• TASK TO CARRY OUT:
Every line below is to be set down again exactly; any image stays out.

═════ TASK INPUT ═════

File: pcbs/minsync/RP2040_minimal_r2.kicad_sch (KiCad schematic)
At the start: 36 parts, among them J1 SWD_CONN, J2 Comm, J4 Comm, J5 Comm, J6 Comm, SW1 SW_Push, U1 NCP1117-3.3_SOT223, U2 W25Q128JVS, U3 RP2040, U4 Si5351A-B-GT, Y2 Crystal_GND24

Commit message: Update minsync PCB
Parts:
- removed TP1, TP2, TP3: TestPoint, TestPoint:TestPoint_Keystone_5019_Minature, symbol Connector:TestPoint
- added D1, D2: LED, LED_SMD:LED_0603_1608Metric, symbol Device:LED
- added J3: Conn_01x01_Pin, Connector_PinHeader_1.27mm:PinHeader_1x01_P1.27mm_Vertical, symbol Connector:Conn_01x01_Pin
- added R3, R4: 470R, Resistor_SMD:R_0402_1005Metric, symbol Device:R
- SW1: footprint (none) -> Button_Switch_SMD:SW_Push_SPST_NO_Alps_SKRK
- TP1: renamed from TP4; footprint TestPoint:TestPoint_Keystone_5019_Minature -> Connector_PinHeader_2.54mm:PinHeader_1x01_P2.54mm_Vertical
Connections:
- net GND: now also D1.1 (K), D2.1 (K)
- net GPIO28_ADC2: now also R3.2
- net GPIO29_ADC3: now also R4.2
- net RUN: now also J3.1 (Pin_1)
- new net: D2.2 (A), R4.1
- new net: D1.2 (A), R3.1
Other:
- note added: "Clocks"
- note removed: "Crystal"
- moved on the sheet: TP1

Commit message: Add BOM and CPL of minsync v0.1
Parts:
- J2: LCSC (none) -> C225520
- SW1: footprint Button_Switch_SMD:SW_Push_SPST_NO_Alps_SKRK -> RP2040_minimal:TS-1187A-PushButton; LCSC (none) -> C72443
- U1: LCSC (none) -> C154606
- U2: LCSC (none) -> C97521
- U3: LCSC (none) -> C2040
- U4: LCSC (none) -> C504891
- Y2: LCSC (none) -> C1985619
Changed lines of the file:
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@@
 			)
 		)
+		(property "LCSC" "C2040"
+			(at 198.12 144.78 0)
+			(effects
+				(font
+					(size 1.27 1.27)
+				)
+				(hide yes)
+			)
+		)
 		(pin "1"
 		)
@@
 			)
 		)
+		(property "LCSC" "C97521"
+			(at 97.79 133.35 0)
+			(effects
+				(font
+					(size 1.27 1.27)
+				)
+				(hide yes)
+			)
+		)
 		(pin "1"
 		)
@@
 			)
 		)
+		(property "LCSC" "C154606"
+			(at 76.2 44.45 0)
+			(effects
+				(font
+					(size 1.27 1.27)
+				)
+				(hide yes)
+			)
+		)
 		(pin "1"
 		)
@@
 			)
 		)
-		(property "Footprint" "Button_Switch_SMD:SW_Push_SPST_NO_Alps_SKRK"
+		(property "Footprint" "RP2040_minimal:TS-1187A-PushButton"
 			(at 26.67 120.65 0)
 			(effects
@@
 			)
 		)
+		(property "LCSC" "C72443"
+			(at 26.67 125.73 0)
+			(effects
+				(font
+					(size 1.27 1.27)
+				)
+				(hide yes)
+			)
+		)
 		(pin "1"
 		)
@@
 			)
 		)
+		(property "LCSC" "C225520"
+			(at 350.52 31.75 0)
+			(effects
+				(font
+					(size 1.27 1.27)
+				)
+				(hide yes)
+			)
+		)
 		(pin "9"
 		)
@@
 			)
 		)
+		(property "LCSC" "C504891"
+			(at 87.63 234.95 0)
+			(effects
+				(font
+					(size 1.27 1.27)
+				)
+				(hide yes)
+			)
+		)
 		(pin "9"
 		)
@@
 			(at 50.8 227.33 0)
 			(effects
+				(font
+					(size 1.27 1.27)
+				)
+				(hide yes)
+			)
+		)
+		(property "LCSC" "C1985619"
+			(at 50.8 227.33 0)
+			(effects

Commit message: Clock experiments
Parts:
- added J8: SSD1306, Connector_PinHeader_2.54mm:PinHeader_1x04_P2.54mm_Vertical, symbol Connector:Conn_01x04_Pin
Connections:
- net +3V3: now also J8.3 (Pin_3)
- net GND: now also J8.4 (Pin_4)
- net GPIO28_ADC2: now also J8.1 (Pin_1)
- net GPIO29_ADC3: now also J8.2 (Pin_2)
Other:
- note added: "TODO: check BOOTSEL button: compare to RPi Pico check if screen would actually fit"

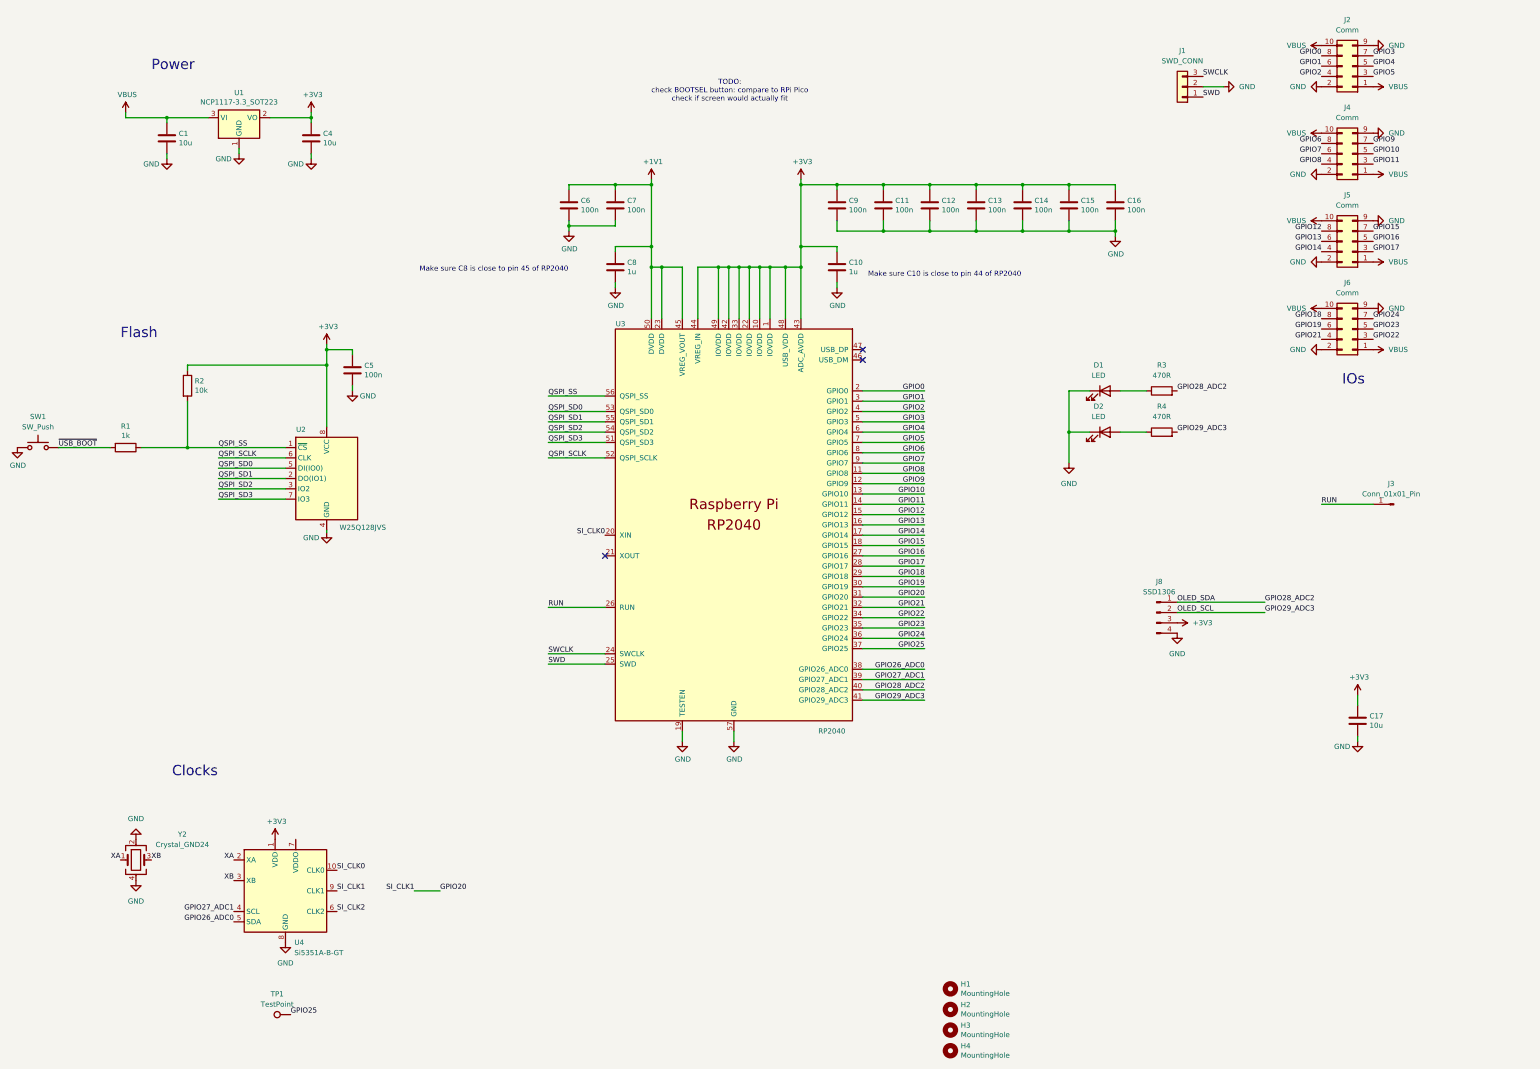
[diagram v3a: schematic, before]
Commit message: Switch to 2x4P headers
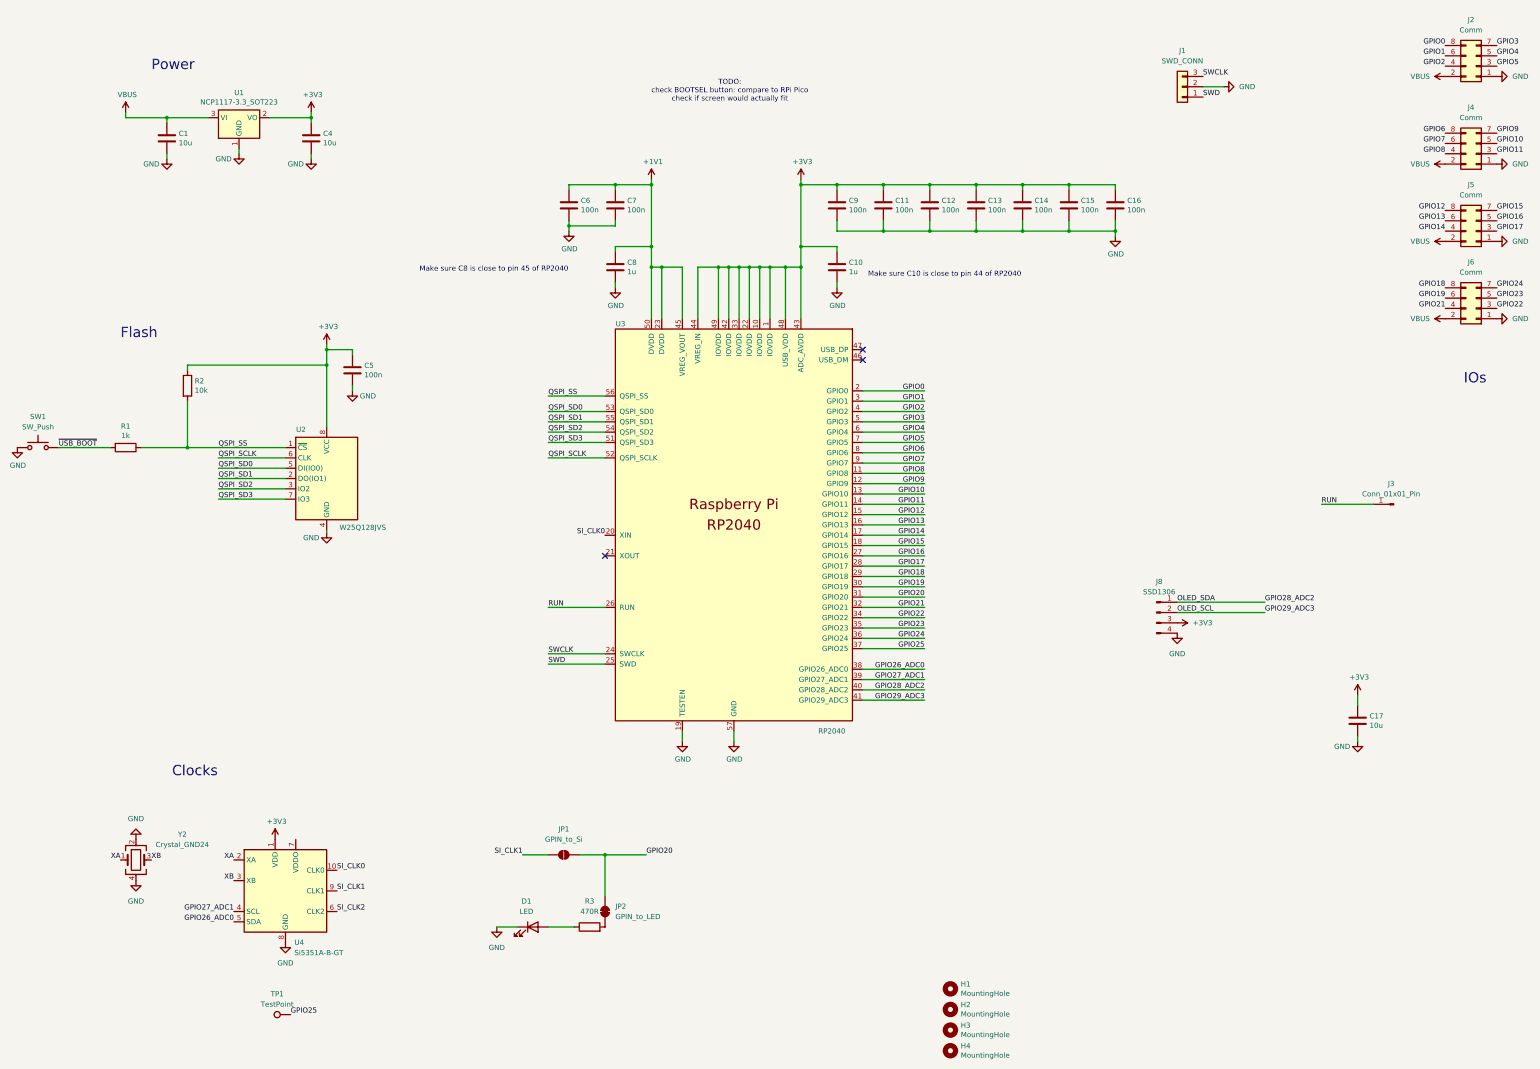
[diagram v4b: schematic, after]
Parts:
- removed D2: LED, LED_SMD:LED_0603_1608Metric, symbol Device:LED
- removed J2, J4, J5, J6: Comm, Connector_PinHeader_2.54mm:PinHeader_2x05_P2.54mm_Vertical, symbol Connector_Generic:Conn_02x05_Odd_Even
- removed R4: 470R, Resistor_SMD:R_0402_1005Metric, symbol Device:R
- added J2, J4, J5, J6: Comm, Connector_PinHeader_2.54mm:PinHeader_2x04_P2.54mm_Vertical, symbol Connector_Generic:Conn_02x04_Odd_Even
- added JP1: GPIN_to_Si, Jumper:SolderJumper-2_P1.3mm_Open_RoundedPad1.0x1.5mm, symbol Jumper:SolderJumper_2_Open
- added JP2: GPIN_to_LED, Jumper:SolderJumper-2_P1.3mm_Bridged_RoundedPad1.0x1.5mm, symbol Jumper:SolderJumper_2_Bridged
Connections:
- net GND: now also J2.1 (Pin_1), J4.1 (Pin_1), J5.1 (Pin_1), J6.1 (Pin_1)
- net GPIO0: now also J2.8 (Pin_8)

═════

• SOLUTION TO THIS PROBLEM:
File: pcbs/minsync/RP2040_minimal_r2.kicad_sch (KiCad schematic)
At the start: 36 parts, among them J1 SWD_CONN, J2 Comm, J4 Comm, J5 Comm, J6 Comm, SW1 SW_Push, U1 NCP1117-3.3_SOT223, U2 W25Q128JVS, U3 RP2040, U4 Si5351A-B-GT, Y2 Crystal_GND24

Commit message: Update minsync PCB
Parts:
- removed TP1, TP2, TP3: TestPoint, TestPoint:TestPoint_Keystone_5019_Minature, symbol Connector:TestPoint
- added D1, D2: LED, LED_SMD:LED_0603_1608Metric, symbol Device:LED
- added J3: Conn_01x01_Pin, Connector_PinHeader_1.27mm:PinHeader_1x01_P1.27mm_Vertical, symbol Connector:Conn_01x01_Pin
- added R3, R4: 470R, Resistor_SMD:R_0402_1005Metric, symbol Device:R
- SW1: footprint (none) -> Button_Switch_SMD:SW_Push_SPST_NO_Alps_SKRK
- TP1: renamed from TP4; footprint TestPoint:TestPoint_Keystone_5019_Minature -> Connector_PinHeader_2.54mm:PinHeader_1x01_P2.54mm_Vertical
Connections:
- net GND: now also D1.1 (K), D2.1 (K)
- net GPIO28_ADC2: now also R3.2
- net GPIO29_ADC3: now also R4.2
- net RUN: now also J3.1 (Pin_1)
- new net: D2.2 (A), R4.1
- new net: D1.2 (A), R3.1
Other:
- note added: "Clocks"
- note removed: "Crystal"
- moved on the sheet: TP1

Commit message: Add BOM and CPL of minsync v0.1
Parts:
- J2: LCSC (none) -> C225520
- SW1: footprint Button_Switch_SMD:SW_Push_SPST_NO_Alps_SKRK -> RP2040_minimal:TS-1187A-PushButton; LCSC (none) -> C72443
- U1: LCSC (none) -> C154606
- U2: LCSC (none) -> C97521
- U3: LCSC (none) -> C2040
- U4: LCSC (none) -> C504891
- Y2: LCSC (none) -> C1985619
Changed lines of the file:
@@
 			)
 		)
+		(property "LCSC" "C2040"
+			(at 198.12 144.78 0)
+			(effects
+				(font
+					(size 1.27 1.27)
+				)
+				(hide yes)
+			)
+		)
 		(pin "1"
 		)
@@
 			)
 		)
+		(property "LCSC" "C97521"
+			(at 97.79 133.35 0)
+			(effects
+				(font
+					(size 1.27 1.27)
+				)
+				(hide yes)
+			)
+		)
 		(pin "1"
 		)
@@
 			)
 		)
+		(property "LCSC" "C154606"
+			(at 76.2 44.45 0)
+			(effects
+				(font
+					(size 1.27 1.27)
+				)
+				(hide yes)
+			)
+		)
 		(pin "1"
 		)
@@
 			)
 		)
-		(property "Footprint" "Button_Switch_SMD:SW_Push_SPST_NO_Alps_SKRK"
+		(property "Footprint" "RP2040_minimal:TS-1187A-PushButton"
 			(at 26.67 120.65 0)
 			(effects
@@
 			)
 		)
+		(property "LCSC" "C72443"
+			(at 26.67 125.73 0)
+			(effects
+				(font
+					(size 1.27 1.27)
+				)
+				(hide yes)
+			)
+		)
 		(pin "1"
 		)
@@
 			)
 		)
+		(property "LCSC" "C225520"
+			(at 350.52 31.75 0)
+			(effects
+				(font
+					(size 1.27 1.27)
+				)
+				(hide yes)
+			)
+		)
 		(pin "9"
 		)
@@
 			)
 		)
+		(property "LCSC" "C504891"
+			(at 87.63 234.95 0)
+			(effects
+				(font
+					(size 1.27 1.27)
+				)
+				(hide yes)
+			)
+		)
 		(pin "9"
 		)
@@
 			(at 50.8 227.33 0)
 			(effects
+				(font
+					(size 1.27 1.27)
+				)
+				(hide yes)
+			)
+		)
+		(property "LCSC" "C1985619"
+			(at 50.8 227.33 0)
+			(effects

Commit message: Clock experiments
Parts:
- added J8: SSD1306, Connector_PinHeader_2.54mm:PinHeader_1x04_P2.54mm_Vertical, symbol Connector:Conn_01x04_Pin
Connections:
- net +3V3: now also J8.3 (Pin_3)
- net GND: now also J8.4 (Pin_4)
- net GPIO28_ADC2: now also J8.1 (Pin_1)
- net GPIO29_ADC3: now also J8.2 (Pin_2)
Other:
- note added: "TODO: check BOOTSEL button: compare to RPi Pico check if screen would actually fit"

[diagram v3a: schematic, before]
Commit message: Switch to 2x4P headers
[diagram v4b: schematic, after]
Parts:
- removed D2: LED, LED_SMD:LED_0603_1608Metric, symbol Device:LED
- removed J2, J4, J5, J6: Comm, Connector_PinHeader_2.54mm:PinHeader_2x05_P2.54mm_Vertical, symbol Connector_Generic:Conn_02x05_Odd_Even
- removed R4: 470R, Resistor_SMD:R_0402_1005Metric, symbol Device:R
- added J2, J4, J5, J6: Comm, Connector_PinHeader_2.54mm:PinHeader_2x04_P2.54mm_Vertical, symbol Connector_Generic:Conn_02x04_Odd_Even
- added JP1: GPIN_to_Si, Jumper:SolderJumper-2_P1.3mm_Open_RoundedPad1.0x1.5mm, symbol Jumper:SolderJumper_2_Open
- added JP2: GPIN_to_LED, Jumper:SolderJumper-2_P1.3mm_Bridged_RoundedPad1.0x1.5mm, symbol Jumper:SolderJumper_2_Bridged
Connections:
- net GND: now also J2.1 (Pin_1), J4.1 (Pin_1), J5.1 (Pin_1), J6.1 (Pin_1)
- net GPIO0: now also J2.8 (Pin_8)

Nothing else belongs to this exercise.